La designazione del beneficiario, anche se irrevocabile, non ha effetto qualora il beneficiario attenti alla vita dell' assicurato.

Se la designazione è irrevocabile ed è stata fatta a titolo di liberalità, essa uò essere revocata nei casi previsti dall' articolo 800 del C.C..

Diritto dei creditori e degli eredi

Le somme dovute dal' assicuratore al contraente o al beneficiario non possono essere sottoposte ad azioni esecutive o cautelari.

Sono salve, rispetto ai premi pagati, le disposizioni relative alla revocazione degli atti compiuti in pregiudizio dei creditori e quelle relative alla collocazione, all' imputazione e alla riduzione delle donazioni.

Mancato pagamento dei premi

Se il contraente non paga il premio relativo al primo anno, l'assicuratore può agire per l'esecuzione del contratto nel termine di sei mesi dal giorno in cui il premio è scaduto. La disposizione si applica anche se il premio è ripartito in più rate, fermo restando il disposto dei primi due commi dell' articolo 1901; in tal caso il termine decorre dalla scadenza delle singole rate.
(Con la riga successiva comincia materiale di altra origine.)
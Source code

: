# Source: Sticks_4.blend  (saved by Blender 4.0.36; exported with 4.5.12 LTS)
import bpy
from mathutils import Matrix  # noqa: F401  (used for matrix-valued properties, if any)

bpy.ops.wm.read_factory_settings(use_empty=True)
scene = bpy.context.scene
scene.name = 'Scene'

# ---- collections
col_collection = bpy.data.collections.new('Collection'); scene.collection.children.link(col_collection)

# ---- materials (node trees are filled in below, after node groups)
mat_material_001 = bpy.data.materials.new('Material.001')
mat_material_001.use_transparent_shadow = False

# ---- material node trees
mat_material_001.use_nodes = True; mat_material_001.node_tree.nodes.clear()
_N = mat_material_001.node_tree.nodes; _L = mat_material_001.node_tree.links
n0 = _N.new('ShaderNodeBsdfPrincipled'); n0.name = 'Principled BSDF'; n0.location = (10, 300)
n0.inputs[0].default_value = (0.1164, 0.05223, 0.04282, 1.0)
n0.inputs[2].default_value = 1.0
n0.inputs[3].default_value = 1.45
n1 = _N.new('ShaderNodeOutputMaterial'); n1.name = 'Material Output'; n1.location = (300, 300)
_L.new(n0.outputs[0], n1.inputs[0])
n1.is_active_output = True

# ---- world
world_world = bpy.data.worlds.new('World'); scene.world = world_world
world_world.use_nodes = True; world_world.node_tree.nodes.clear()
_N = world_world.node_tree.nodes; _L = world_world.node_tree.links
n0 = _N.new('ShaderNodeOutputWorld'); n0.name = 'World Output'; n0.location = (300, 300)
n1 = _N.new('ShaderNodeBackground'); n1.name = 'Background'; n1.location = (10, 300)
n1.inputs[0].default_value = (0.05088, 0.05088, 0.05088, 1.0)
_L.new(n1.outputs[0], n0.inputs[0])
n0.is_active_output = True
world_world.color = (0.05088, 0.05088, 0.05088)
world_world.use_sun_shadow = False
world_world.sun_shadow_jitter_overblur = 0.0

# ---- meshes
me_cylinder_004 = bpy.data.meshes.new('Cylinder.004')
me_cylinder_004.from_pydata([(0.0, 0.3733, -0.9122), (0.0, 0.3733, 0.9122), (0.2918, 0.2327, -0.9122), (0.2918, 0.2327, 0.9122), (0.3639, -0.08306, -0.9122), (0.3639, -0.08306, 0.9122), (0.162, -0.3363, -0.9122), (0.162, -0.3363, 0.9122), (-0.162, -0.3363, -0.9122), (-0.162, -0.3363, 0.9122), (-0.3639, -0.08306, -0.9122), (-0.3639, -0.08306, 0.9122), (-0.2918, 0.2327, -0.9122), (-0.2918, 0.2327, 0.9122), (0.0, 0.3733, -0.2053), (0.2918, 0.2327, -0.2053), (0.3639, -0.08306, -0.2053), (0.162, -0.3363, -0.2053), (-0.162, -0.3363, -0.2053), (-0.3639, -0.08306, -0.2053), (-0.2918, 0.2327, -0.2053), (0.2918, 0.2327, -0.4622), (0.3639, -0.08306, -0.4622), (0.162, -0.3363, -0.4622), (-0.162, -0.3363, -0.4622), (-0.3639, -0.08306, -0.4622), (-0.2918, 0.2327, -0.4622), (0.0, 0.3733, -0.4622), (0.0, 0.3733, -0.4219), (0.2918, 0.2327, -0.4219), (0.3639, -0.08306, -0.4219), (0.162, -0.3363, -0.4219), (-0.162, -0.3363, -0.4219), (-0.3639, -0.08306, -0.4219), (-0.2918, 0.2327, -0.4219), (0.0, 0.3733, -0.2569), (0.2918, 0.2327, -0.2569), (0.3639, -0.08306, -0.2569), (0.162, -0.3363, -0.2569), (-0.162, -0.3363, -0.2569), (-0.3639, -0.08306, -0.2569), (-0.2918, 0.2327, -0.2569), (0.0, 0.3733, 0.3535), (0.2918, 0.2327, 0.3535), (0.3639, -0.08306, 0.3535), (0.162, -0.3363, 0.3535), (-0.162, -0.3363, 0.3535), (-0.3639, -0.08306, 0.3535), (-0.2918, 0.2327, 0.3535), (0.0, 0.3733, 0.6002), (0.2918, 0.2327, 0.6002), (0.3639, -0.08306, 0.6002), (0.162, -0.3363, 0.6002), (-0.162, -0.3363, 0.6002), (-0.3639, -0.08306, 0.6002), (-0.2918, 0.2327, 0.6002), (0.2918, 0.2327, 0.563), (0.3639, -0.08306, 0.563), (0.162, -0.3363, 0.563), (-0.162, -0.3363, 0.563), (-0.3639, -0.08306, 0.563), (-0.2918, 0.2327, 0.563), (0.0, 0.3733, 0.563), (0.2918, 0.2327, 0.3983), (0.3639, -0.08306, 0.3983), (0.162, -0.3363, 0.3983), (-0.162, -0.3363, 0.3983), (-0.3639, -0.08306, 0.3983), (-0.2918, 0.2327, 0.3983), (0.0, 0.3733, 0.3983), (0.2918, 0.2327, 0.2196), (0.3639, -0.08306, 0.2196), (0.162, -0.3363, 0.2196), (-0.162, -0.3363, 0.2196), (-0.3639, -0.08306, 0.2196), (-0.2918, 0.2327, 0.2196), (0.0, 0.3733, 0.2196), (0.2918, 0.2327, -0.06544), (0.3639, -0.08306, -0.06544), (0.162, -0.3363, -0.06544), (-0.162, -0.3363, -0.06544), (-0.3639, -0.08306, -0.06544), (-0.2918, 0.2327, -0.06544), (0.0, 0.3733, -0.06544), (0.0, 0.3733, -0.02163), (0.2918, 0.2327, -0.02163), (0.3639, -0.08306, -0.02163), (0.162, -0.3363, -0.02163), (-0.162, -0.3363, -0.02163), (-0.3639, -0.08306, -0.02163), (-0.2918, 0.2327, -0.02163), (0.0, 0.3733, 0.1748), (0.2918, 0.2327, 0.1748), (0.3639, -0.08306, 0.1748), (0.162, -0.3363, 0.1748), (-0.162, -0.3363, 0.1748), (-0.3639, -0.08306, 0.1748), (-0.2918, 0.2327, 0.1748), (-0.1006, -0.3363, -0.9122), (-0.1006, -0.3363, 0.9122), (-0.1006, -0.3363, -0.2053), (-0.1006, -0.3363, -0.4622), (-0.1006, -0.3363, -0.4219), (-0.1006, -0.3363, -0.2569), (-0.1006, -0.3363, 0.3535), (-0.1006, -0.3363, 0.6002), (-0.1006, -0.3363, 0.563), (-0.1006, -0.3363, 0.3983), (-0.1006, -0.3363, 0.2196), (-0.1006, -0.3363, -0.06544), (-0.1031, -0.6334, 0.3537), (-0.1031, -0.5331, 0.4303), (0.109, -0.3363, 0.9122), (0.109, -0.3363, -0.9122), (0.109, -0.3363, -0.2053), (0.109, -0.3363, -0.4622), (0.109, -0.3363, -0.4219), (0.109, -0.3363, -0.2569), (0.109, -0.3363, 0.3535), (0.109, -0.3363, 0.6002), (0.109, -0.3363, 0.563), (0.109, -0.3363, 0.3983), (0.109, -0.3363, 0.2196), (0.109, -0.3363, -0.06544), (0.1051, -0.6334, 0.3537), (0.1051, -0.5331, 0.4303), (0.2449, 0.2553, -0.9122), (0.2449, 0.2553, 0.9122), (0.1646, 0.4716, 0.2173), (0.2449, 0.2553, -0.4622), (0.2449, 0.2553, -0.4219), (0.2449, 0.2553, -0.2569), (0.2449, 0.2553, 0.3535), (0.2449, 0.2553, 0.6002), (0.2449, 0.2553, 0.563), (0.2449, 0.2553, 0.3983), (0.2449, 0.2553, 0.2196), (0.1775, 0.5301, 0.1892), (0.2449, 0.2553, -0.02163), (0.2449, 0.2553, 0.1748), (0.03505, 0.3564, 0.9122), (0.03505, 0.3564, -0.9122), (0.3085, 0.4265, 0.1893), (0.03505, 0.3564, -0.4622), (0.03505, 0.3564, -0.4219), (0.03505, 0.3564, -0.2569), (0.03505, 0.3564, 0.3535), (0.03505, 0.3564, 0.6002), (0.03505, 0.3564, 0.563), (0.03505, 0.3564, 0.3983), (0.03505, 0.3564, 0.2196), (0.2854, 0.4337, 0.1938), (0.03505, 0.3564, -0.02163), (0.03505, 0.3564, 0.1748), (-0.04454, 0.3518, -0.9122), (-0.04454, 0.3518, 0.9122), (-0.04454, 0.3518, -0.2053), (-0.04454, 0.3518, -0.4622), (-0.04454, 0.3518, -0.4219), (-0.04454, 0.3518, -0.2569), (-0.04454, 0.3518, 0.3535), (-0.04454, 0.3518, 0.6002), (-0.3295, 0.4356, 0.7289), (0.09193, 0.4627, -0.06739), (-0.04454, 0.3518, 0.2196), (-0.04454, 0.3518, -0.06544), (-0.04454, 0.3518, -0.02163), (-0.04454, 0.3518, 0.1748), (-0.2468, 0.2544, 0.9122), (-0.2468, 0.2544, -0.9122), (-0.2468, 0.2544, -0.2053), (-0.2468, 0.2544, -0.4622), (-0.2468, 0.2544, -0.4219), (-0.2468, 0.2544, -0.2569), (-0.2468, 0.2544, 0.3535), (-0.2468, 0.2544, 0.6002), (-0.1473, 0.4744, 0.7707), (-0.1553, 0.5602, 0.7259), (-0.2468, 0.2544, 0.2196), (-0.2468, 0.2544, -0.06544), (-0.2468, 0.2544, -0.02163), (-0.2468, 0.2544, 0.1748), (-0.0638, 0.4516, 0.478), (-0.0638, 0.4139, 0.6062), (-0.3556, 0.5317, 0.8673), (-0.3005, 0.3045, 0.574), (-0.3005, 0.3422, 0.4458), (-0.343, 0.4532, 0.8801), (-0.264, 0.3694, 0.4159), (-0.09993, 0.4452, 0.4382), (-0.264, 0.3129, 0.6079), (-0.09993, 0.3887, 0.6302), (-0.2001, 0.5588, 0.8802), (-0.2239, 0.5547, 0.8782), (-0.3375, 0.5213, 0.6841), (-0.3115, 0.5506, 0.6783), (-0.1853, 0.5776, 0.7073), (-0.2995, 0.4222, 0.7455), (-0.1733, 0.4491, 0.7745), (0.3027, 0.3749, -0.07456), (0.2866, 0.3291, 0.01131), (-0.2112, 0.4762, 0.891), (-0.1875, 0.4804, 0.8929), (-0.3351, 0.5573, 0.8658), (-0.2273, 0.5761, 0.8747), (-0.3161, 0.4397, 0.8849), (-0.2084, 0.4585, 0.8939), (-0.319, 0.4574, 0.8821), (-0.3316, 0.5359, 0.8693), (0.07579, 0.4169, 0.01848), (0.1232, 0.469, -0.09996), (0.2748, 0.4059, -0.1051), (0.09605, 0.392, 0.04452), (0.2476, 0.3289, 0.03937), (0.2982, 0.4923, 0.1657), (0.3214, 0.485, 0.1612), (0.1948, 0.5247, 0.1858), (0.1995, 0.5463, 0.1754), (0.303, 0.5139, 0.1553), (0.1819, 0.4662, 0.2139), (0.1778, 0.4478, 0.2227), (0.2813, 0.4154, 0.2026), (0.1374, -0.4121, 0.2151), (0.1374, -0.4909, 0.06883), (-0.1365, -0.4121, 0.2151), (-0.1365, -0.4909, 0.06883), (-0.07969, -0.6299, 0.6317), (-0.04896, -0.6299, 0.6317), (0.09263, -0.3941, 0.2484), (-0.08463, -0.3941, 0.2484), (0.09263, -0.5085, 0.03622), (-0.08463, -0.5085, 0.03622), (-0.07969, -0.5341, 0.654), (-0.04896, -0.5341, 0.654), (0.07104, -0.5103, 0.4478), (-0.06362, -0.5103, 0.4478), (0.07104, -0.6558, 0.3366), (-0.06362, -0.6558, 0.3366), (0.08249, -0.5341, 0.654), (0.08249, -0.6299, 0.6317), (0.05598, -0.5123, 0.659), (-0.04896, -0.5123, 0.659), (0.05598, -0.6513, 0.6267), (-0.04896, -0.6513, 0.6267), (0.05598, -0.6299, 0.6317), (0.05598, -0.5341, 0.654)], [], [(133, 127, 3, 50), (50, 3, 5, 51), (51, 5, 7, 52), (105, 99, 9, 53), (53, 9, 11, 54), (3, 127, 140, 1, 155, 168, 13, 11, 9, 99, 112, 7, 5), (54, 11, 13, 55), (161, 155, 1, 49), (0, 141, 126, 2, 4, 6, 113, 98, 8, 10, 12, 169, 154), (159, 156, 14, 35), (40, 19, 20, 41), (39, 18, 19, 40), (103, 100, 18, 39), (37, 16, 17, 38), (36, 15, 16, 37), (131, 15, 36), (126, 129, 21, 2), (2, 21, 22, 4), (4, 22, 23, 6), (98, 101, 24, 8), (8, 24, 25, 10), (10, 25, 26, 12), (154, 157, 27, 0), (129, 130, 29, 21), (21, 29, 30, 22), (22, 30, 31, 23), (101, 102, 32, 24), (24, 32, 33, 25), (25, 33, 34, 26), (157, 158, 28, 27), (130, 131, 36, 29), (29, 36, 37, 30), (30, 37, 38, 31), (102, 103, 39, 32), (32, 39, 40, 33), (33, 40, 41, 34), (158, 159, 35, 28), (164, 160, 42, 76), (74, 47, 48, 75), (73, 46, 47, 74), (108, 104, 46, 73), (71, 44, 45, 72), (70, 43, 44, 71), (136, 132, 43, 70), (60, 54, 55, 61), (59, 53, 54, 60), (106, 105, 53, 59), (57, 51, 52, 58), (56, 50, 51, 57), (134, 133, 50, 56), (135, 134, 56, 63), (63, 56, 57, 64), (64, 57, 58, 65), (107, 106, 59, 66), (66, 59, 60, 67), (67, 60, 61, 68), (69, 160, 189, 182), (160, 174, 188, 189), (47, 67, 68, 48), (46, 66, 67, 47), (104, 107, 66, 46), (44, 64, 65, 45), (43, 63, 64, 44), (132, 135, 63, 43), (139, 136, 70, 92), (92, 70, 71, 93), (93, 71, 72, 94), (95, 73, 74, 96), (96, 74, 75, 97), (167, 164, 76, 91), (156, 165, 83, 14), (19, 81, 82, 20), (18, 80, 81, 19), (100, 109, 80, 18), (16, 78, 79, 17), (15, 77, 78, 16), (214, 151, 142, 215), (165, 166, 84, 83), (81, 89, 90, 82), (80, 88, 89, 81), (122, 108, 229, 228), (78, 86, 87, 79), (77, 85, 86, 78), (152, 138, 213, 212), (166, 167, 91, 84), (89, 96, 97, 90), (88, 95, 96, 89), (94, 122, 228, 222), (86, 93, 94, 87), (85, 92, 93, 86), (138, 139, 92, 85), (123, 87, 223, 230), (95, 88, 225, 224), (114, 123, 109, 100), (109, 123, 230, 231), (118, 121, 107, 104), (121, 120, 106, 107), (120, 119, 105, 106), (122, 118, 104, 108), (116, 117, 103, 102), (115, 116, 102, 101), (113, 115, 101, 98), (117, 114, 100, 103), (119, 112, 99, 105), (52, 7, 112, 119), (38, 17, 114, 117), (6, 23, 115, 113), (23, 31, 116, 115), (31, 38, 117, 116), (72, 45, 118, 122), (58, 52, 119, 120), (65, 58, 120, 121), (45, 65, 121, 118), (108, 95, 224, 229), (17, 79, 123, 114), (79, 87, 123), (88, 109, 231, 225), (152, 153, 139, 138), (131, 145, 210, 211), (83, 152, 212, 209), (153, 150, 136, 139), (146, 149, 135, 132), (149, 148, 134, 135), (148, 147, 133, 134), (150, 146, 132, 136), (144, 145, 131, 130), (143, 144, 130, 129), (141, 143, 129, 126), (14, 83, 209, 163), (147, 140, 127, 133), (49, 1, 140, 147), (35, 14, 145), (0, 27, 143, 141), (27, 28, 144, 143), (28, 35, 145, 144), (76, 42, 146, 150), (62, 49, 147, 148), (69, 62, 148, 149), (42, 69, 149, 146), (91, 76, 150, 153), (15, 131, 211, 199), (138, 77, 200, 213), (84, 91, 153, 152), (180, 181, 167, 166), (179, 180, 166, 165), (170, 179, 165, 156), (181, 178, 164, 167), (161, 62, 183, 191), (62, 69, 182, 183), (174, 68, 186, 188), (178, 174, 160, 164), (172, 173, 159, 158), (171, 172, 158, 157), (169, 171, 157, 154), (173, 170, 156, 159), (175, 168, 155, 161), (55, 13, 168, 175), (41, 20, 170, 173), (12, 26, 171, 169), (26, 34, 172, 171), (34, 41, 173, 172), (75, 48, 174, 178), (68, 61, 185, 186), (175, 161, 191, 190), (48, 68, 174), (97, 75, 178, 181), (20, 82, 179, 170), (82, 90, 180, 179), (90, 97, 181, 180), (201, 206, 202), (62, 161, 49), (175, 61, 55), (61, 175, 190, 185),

Se il contraente non paga i premi successivi nel termine di tolleranza previsto dalla polizza o, in mancanza, nel termine di venti giorni dalla scadenza del contratto, e i premi pagati restano acquisiti all' assicuratore, salvo che sussistano le condizioni per il riscatto dell' assicuratozione o per la riduzione delle somme assicurate.

Riscatto e riduzione dell polizza

Le polizze di assicurazione devono regolare i diritti di riscatto e di riduzione della somma assicurata, in modo tale che l'assicurato sia in grado, in ogni momento, di conoscere quali sarebbe il valore di riscatto o di riduzione dell' assicurazione.

Cambiamento di professione dell' assicurato

I cambiamenti di professione o di attività dell' assicurato non fanno cessare gli effetti dell'assicurazione, qualora non aggravino il rischio in modo tale che, se il nuovo stato di cose fosse esistito al tempo del contratto, l'assicuratore non avrebbe consentito l'assicurazione.

Qualora i cambiamenti siano di tale natura che, se il nuovo stato di cose fosse esistito al tempo del contratto, l'assicuratore avrebbe consentito l'assicurazione per un premio più elevato, il pagamento della somma assicurata è ridotto in proporzione del minor premio convenuto in confronto di quello che sarebbe stato stabilito.

Se l'assicurato da notizia dei suddetti cambiamenti all'assicuratore questi, entro quindici giorni, deve dichiarare se intende far cessare gli effetti del contratto ovvero ridurre la somma assicurata o elevare il premio.

Se l'assicurato dichiara di non accettare, il contratto è risoluto, salvo il diritto dell'assicuratore al premio relativo al periodo di assicurazione in corso e salvo il diritto dell'assicurato al riscatto. Il silenzio dell'assicurato vale come adesione alla proposta dell'assicuratore.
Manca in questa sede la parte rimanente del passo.